PAI(Platform for AI) is a cluster management tool and resource scheduling platform, jointly designed and developed by Microsoft Research (MSR) and Microsoft Search Technology Center (STC). The platform incorporates some mature design that has a proven track record in large scale Microsoft production environment, and is tailored primarily for academic and research purpose.
To add a PAI cluster, right click PAI node and select "Add Cluster…". Users need to provide cluster display name, cluster IP address, user name and password.

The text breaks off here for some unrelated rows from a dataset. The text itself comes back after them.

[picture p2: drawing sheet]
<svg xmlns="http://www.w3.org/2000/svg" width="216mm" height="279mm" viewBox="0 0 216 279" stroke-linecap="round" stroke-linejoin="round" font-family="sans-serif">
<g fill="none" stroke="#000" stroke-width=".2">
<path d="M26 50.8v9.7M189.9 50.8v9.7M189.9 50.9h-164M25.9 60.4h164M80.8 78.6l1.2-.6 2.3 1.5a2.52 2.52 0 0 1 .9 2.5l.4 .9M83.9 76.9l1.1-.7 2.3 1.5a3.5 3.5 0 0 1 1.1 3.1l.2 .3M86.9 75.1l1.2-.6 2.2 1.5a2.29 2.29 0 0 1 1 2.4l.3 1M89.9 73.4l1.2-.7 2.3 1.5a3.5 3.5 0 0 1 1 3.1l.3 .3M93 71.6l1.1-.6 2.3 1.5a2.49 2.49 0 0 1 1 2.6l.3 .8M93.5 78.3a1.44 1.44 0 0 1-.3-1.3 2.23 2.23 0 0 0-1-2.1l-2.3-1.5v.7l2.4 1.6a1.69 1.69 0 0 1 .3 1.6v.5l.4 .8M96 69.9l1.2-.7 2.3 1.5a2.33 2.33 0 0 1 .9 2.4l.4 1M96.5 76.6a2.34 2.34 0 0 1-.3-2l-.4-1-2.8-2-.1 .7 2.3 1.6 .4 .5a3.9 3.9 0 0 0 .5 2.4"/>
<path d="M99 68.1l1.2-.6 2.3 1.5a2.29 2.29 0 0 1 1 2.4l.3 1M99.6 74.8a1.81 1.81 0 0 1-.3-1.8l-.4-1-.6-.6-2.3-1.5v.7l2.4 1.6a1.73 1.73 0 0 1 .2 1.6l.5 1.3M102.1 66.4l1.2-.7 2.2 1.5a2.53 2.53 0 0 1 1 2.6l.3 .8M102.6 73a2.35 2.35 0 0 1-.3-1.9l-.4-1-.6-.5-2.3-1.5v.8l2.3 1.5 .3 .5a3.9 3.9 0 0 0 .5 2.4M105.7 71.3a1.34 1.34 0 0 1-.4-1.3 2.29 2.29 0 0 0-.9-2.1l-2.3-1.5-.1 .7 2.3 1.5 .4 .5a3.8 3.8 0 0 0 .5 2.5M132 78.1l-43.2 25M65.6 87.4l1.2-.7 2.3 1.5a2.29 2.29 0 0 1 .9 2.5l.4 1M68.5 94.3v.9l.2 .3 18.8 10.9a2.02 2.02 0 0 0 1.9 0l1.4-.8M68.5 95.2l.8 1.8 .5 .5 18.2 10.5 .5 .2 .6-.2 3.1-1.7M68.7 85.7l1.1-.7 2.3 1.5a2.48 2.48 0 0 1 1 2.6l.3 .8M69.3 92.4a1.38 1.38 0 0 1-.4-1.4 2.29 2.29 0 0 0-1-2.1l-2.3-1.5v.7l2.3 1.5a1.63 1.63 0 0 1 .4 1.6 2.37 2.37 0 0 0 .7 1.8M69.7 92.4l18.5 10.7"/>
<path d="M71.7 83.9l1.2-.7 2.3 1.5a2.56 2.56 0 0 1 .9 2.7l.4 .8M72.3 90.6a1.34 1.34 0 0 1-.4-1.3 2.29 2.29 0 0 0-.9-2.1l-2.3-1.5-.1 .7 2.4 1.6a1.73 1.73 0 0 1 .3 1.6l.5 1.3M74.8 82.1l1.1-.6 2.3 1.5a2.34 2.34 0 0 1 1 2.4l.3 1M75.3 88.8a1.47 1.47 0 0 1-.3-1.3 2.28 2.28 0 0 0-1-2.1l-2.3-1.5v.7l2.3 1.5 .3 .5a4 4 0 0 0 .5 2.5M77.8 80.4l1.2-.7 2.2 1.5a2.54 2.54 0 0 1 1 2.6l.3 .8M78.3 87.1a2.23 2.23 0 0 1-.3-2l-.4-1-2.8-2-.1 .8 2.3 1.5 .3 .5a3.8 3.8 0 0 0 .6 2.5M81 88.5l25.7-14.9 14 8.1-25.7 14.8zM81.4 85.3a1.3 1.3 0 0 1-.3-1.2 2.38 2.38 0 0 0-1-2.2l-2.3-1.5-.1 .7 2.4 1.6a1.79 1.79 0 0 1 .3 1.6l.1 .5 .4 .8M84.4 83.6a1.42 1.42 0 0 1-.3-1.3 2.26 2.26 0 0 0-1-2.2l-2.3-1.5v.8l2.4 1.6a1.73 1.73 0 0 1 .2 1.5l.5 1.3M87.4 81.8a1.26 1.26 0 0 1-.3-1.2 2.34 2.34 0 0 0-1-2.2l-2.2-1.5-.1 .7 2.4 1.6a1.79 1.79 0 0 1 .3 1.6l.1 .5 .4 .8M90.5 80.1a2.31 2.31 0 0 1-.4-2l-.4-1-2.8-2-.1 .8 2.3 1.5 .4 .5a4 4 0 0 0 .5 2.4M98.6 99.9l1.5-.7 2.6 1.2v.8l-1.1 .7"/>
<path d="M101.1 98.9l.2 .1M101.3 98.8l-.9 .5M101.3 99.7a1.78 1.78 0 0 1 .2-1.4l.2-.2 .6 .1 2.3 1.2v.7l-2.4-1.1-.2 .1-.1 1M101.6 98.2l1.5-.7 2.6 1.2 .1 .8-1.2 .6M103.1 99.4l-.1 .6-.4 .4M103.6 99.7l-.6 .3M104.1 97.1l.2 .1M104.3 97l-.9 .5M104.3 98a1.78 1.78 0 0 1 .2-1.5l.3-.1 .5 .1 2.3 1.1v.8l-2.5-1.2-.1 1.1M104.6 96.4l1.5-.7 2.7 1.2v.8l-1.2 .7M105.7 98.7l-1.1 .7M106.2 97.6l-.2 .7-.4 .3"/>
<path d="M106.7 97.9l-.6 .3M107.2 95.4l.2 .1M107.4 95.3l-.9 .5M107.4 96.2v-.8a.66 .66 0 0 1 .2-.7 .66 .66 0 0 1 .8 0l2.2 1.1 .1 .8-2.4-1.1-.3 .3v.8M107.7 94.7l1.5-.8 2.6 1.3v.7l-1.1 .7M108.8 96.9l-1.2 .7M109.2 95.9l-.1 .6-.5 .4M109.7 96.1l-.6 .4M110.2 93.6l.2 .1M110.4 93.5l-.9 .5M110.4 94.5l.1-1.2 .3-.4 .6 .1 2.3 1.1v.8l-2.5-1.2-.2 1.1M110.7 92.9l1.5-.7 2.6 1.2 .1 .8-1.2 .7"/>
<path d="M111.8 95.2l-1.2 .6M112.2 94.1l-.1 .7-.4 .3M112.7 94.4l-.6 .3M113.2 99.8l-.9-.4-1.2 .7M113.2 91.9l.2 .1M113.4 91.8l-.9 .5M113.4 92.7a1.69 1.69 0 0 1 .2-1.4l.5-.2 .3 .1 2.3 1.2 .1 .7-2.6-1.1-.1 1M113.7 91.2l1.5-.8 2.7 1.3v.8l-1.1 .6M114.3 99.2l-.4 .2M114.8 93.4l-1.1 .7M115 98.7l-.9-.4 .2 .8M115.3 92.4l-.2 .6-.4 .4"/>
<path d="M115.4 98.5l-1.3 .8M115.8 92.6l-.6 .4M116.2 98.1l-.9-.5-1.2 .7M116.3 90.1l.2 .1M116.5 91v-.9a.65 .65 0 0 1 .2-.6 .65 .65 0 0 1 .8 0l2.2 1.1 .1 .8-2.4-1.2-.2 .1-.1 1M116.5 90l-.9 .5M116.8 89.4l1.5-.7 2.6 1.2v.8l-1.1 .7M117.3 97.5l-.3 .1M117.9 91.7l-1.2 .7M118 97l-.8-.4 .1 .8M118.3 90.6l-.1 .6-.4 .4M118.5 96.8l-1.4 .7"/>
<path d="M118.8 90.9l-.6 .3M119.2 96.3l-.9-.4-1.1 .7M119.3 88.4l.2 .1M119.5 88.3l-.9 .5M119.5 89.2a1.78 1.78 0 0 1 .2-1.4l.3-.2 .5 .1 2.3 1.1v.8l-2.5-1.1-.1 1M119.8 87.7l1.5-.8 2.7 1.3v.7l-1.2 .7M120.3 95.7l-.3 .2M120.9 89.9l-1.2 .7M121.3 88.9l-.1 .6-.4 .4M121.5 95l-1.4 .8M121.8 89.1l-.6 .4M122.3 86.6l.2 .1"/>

To submit a job to PAI cluster, right click on the project node in Solution Explorer and select "Submit Job" menu.
In the submission window:
-
In the list of "Cluster to use", users select a target PAI cluster.
-
The "Startup script" is your entry point script path relative to your project directory.
-
The "Job Name" allows users to enter a name for this job to show it up in the cluster targeted. It needs to be unique.
-
Users are required to provide a docker image name in image textbox, which is used to run docker containers in the job.
Task Roles:
-
The "name" is the name for the task role, need to be unique with other roles.
-
The "TaskNumber" is the number of tasks for the task role, no less than 1.
-
The "CpuNumber" is CPU number for one task in the task role, no less than 1.
-
The "MemoryMB" is memory(MB) for one task in the task role, no less than 100.
-
The "GpuNumber" is GPU number for one task in the task role, no less than 0.
-
The "Command" is the executable command for tasks in the task role, can not be empty.
Optional Parameters:
-
The "authFile" is Docker registry authentication file existing on HDFS. It's optional.
-
The "dataDir" is the data directory existing on HDFS, used for storing job input data on HDFS. It's optional.
-
The "outputDir" is the output directory on HDFS, used for storing job output files on HDFS. It's optional.
-
The "codeDir" is the code directory on HDFS, used for storing user's training code files on HDFS. It's optional.
-
The "gpuType" specifies the GPU type to be used in the tasks. If omitted, the job will run on any gpu type. It's optional.
-
The "killAllOnCompletedTaskNumber" is the number of completed tasks to kill the entire job, no less than 0. It's optional.
-
The "retryCount" is job retry count if submitting job to PAI scheduler fails, no less than 0. It's optional.